Having a preliminary layout from the genetic algorithm, the array efficiency was computed by means of the Jensen model (Katic et al., 1987; Sebastiani et al., 2021) from the historical time series of the wind velocity magnitude and direction. In general, the array efficiency depends on wind direction and wind speed. However, in the present project, the array efficiency has been averaged over all wind directions to enable rapid calculations over the long historical time series (31 years of hourly data). Figure 11 shows the collection of the array efficiency curves for all the considered farm projects. The structure of these efficiency curves is quite similar, with nearly constant low efficiency between cut-in and rated wind speed (at around 10–11 m s−1) and high efficiency near 1 sufficiently above the rated speed. As expected, the low efficiency value is associated with low intra-turbine spacing and follows an increasing curve function of the farm spacing (Fig. 11b). Furthermore, Fig. 11b can be used to rapidly assess the array efficiency of the farm even without an optimization procedure: by using the theoretical L value (based on just the bounding polygon area and number of turbines installed), it is possible to rapidly estimate the array efficiency below rated wind speed by interpolating through the orange points, obtained by plotting the identified optimal layout array efficiency (in the ordinate) against the L parameter.

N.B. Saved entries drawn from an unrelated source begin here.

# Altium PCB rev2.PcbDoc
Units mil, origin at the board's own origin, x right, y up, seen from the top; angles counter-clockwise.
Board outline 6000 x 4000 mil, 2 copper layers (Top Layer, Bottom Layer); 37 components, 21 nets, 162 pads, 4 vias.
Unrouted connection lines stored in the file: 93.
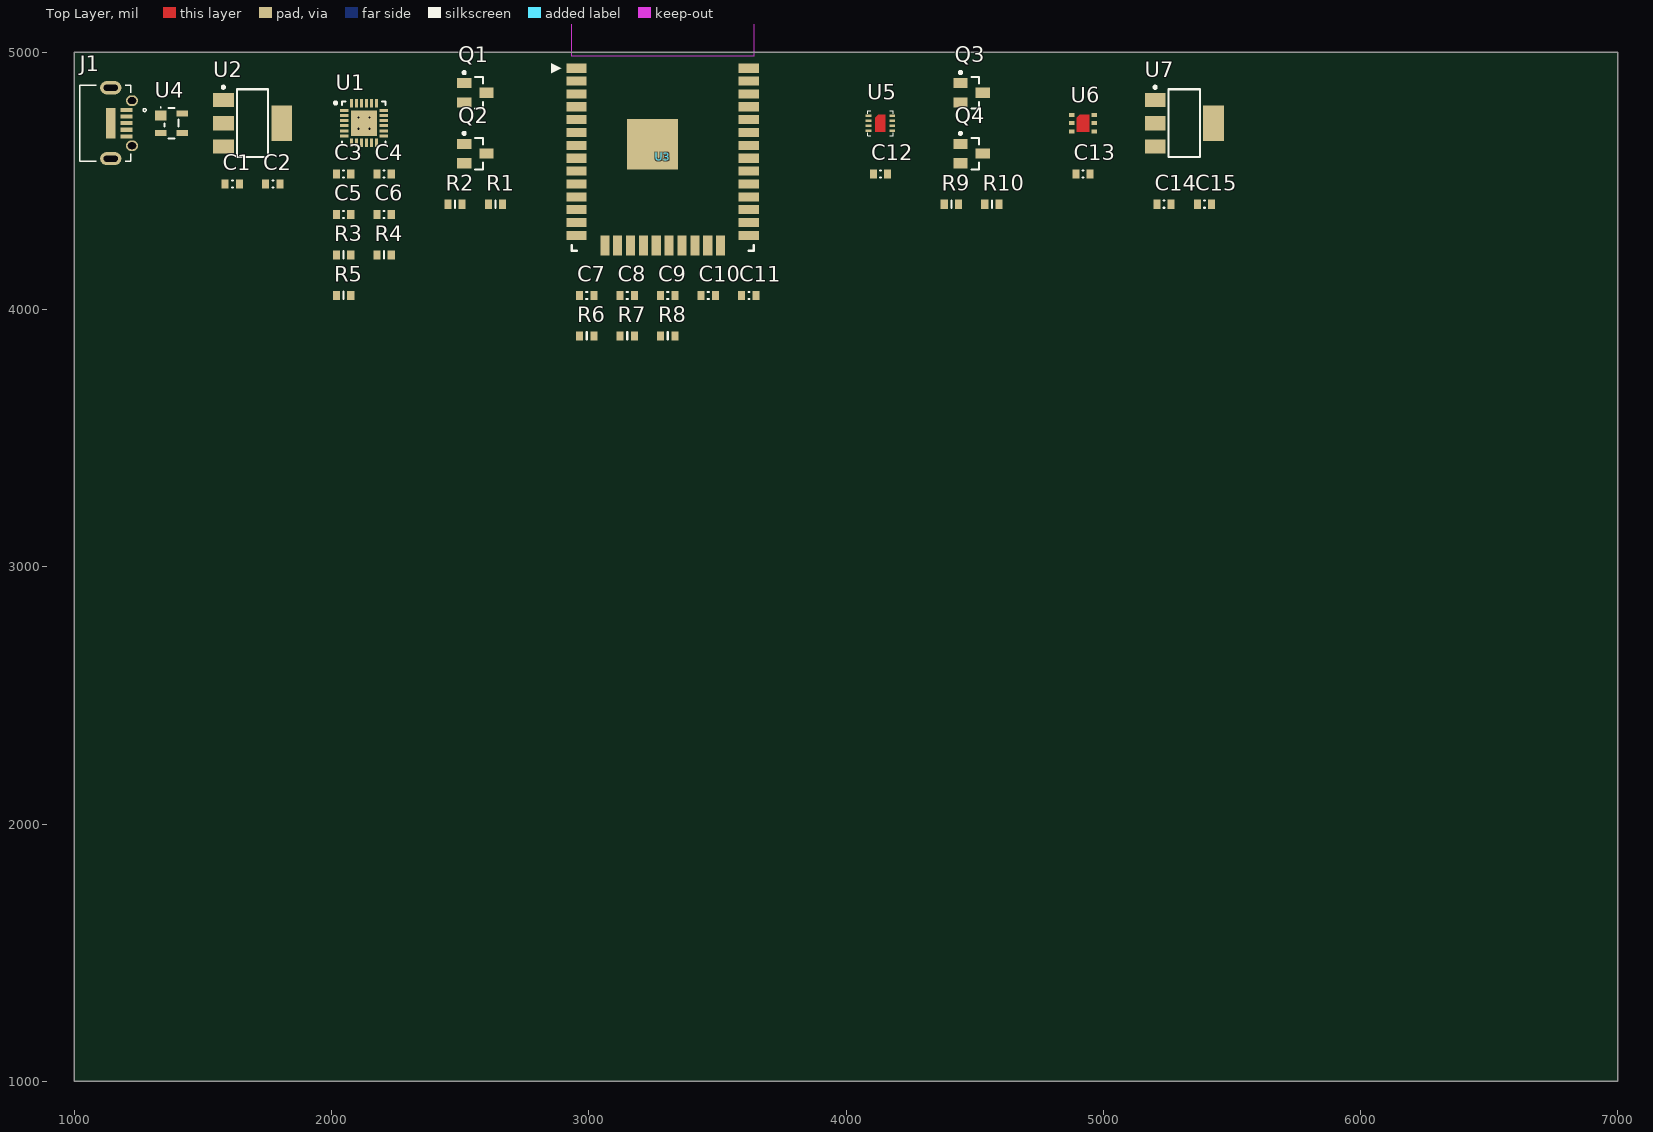
[diagram p0: Top Layer view]
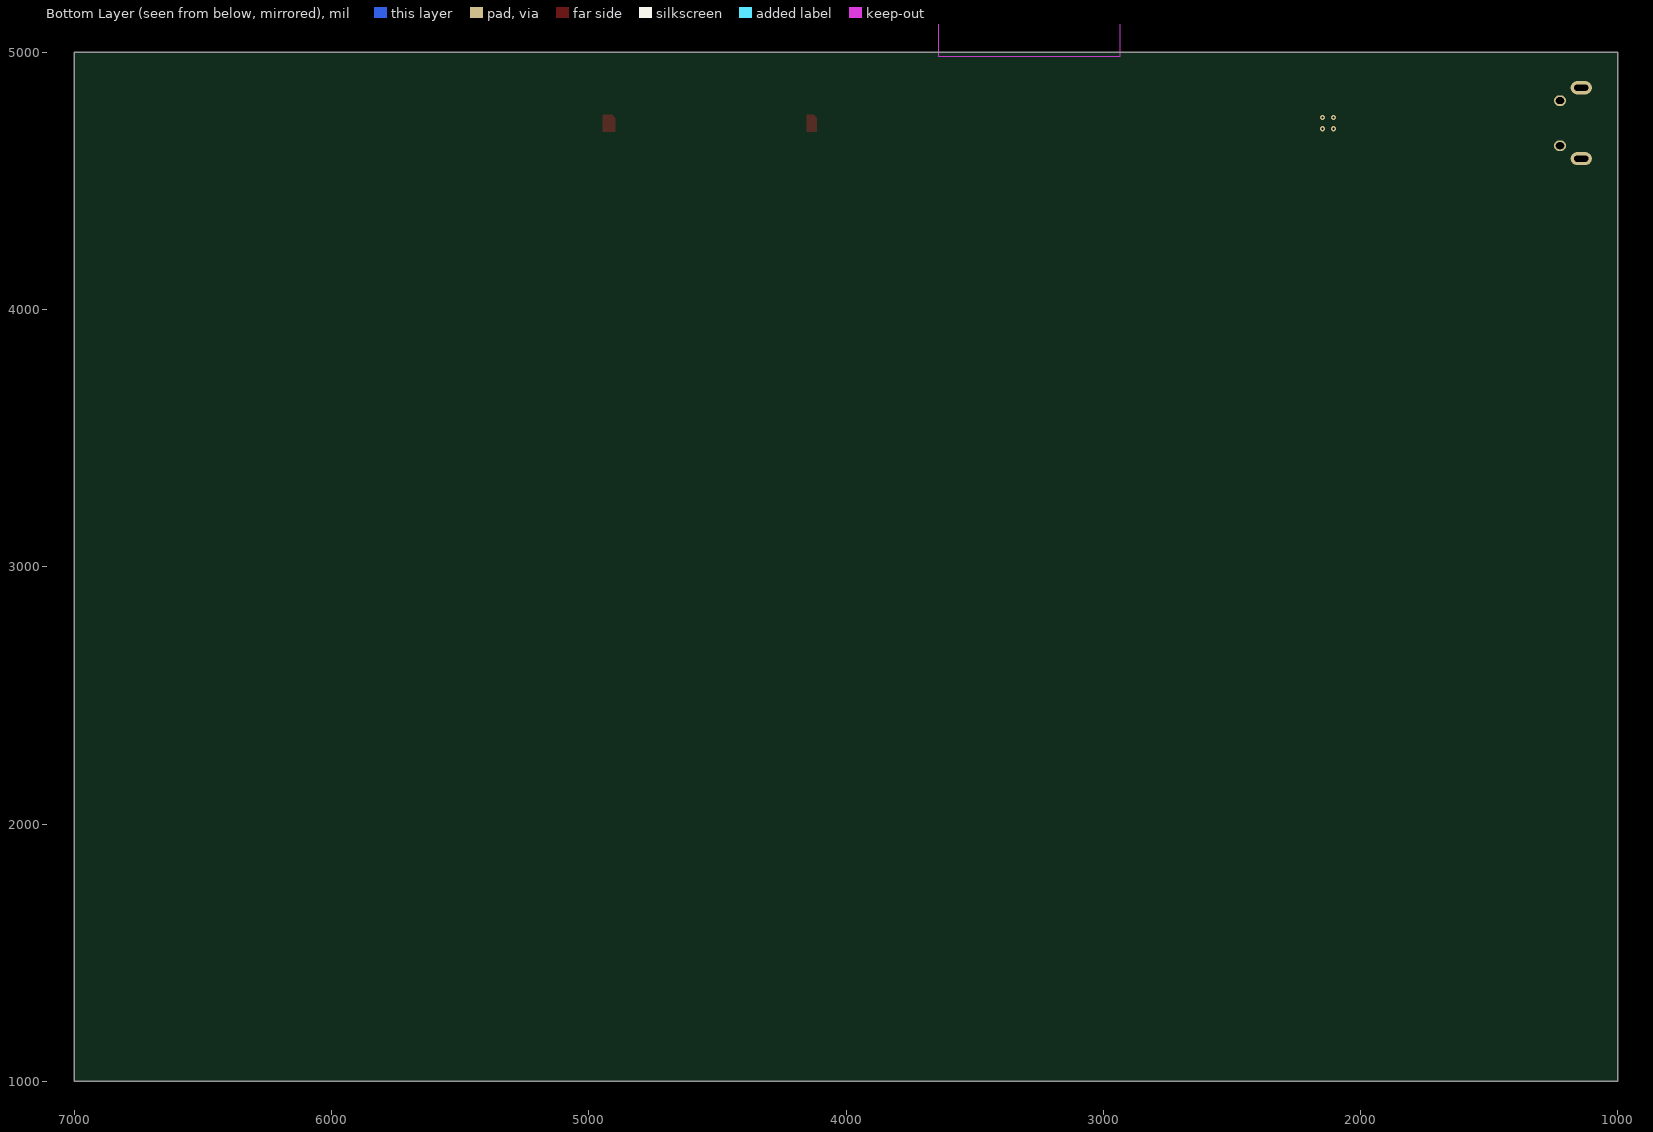
[diagram p1: Bottom Layer view, seen from below]

## Layer stack, top to bottom
Top Solder: solder mask 0.4, Solder Resist, Dk 3.5
Top Layer: signal copper 1.4
Dielectric 1: dielectric 12.6, FR-4, Dk 4.8
Bottom Layer: signal copper 1.4
Bottom Solder: solder mask 0.4, Solder Resist, Dk 3.5

## Board outline
1000,1000 7000,1000 7000,5000 1000,5000

## Design rules (kind name [scope] priority, off if disabled: settings)
Clearance [All] p1: gap=10 ignorepadtopadclearanceinfootprint=FALSE except(0: Arc-Hole Track-Hole SMDPad-Hole THPad-Hole Via-Hole Fill-Hole Poly-Hole Region-Hole Text-Hole)
PolygonConnect [All] p1: connectstyle=Relief reliefconductorwidth=10 reliefentries=4 polygonreliefangle="90 Angle" airgapwidth=10
RoutingVias [All] p1: holewidth=28 width=50 viastyle="Through Hole" minholewidth=28 minwidth=50 maxholewidth=28 maxwidth=50
SolderMaskExpansion [All] p1: expansion=4
Width [All] p1: maxlimit=10 minlimit=10 preferedwidth=10
30 further rules are at their usual default settings.

## Components (designator, comment, footprint, x,y, rotation, side; value= is the part's Value field where it differs from the comment)
C1 "0.1uF" CAP_0603 1614.17,4488.19 r0 top
C2 "10uF" CAP_0603 1771.65,4488.19 r0 top
C3 "0.1uF" CAP_0603 2047.24,4527.56 r0 top
C4 "4.7uF" CAP_0603 2204.72,4527.56 r0 top
C5 "0.1uF" CAP_0603 2047.24,4370.08 r0 top
C6 "4.7uF" CAP_0603 2204.72,4370.08 r0 top
C7 "10uF" CAP_0603 2992.13,4055.12 r0 top
C8 "0.1uF" CAP_0603 3149.61,4055.12 r0 top
C9 "0.1uF" CAP_0603 3307.09,4055.12 r0 top
C10 "0.1uF" CAP_0603 3464.57,4055.12 r180 top
C11 "0.1uF" CAP_0603 3622.05,4055.12 r180 top
C12 "0.1uF" CAP_0603 4133.86,4527.56 r180 top
C13 "0.1uF" CAP_0603 4921.26,4527.56 r180 top
C14 "0.1uF" CAP_0603 5236.22,4409.45 r180 top
C15 "10uF" CAP_0603 5393.7,4409.45 r180 top
J1 "UJ2-MIBH2-4-SMT-TR" CON_USB_MICRO_DRILL 1202.76,4775.59 r0 top
Q1 "SS8050-G" SOT-23 2559.06,4842.52 r0 top
Q2 "SS8050-G" SOT-23 2559.06,4606.3 r0 top
Q3 "BSS138" SOT-23 4488.19,4842.52 r0 top
Q4 "BSS138" SOT-23 4488.19,4606.3 r0 top
R1 "10kΩ" RES_0603_HD 2637.8,4409.45 r0 top
R2 "10kΩ" RES_0603_HD 2480.32,4409.45 r0 top
R3 "1kΩ" RES_0603_HD 2047.24,4212.6 r0 top
R4 "22k1Ω" RES_0603_HD 2204.72,4212.6 r0 top
R5 "47k5Ω" RES_0603_HD 2047.24,4055.12 r0 top
R6 "10kΩ" RES_0603_HD 2992.13,3897.64 r0 top
R7 "10kΩ" RES_0603_HD 3149.61,3897.64 r0 top
R8 "10kΩ" RES_0603_HD 3307.09,3897.64 r0 top
R9 "10kΩ" RES_0603_HD 4409.45,4409.45 r0 top
R10 "10kΩ" RES_0603_HD 4566.93,4409.45 r180 top
U1 "SLAB-CP2102N-QFN-24" SLAB-QFN-24-2550x2550TP_A_V 2125.98,4724.41 r0 top
U2 "LD1117S33TR" SOT-223 1692.91,4724.41 r0 top
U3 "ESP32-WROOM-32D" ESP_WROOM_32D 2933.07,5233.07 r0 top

Figure 11Array efficiency for all the considered wind farms. (a) Azimuthal average of the array efficiency. (b) Efficiency at 8 m s−1 plotted against Lopt or L normalized by the turbine diameter.
A validation of the adopted layout identification has been performed on the existing Lillgrund offshore wind farm used in several investigations (Sebastiani et al., 2021). Having available the bounding perimeter and the number of turbines to be installed (48 Siemens 2.3 MW with diameter 93 m), the optimal layout, able to maximize the minimum distance between the turbines, was identified by means of the genetic algorithm without taking into account the wind rose. The identified geometry is shown in Fig. 12 together with the estimated array efficiency. While some discrepancies exist in the array efficiency, it is quite visible that the overall structure of the wake losses is well captured. The average array efficiency below rated speed is 0.616 for the Lillgrund setup (the latter is estimated by means of SCADA analysis from the Lillgrund wind farm; Sebastiani et al., 2021), while the identified layout shows a value of 0.622, namely slightly larger: this increase was expected, since the real layout has two turbines in the center of the farm that could not be installed because of an insufficient sea depth, an aspect not included in the present optimization scheme. A similar analysis has been performed for the Horns Rev 1 wind farm with similar qualitative agreement (not shown).
Figure 12Validation of the optimization method for the Lillgrund wind farm. (a, b) Layout of the farm; (c, d) array efficiency for different wind velocities and directions (the dashed red line indicates the rated speed of the installed Siemens wind turbine, 12 m s−1). (a, c) Real Lillgrund data (Sebastiani et al., 2021); (b, d) analysis of the optimized layout with the minimum distance fitness function. The title of the bottom row reports the average array efficiency of the farm for velocity below rated speed.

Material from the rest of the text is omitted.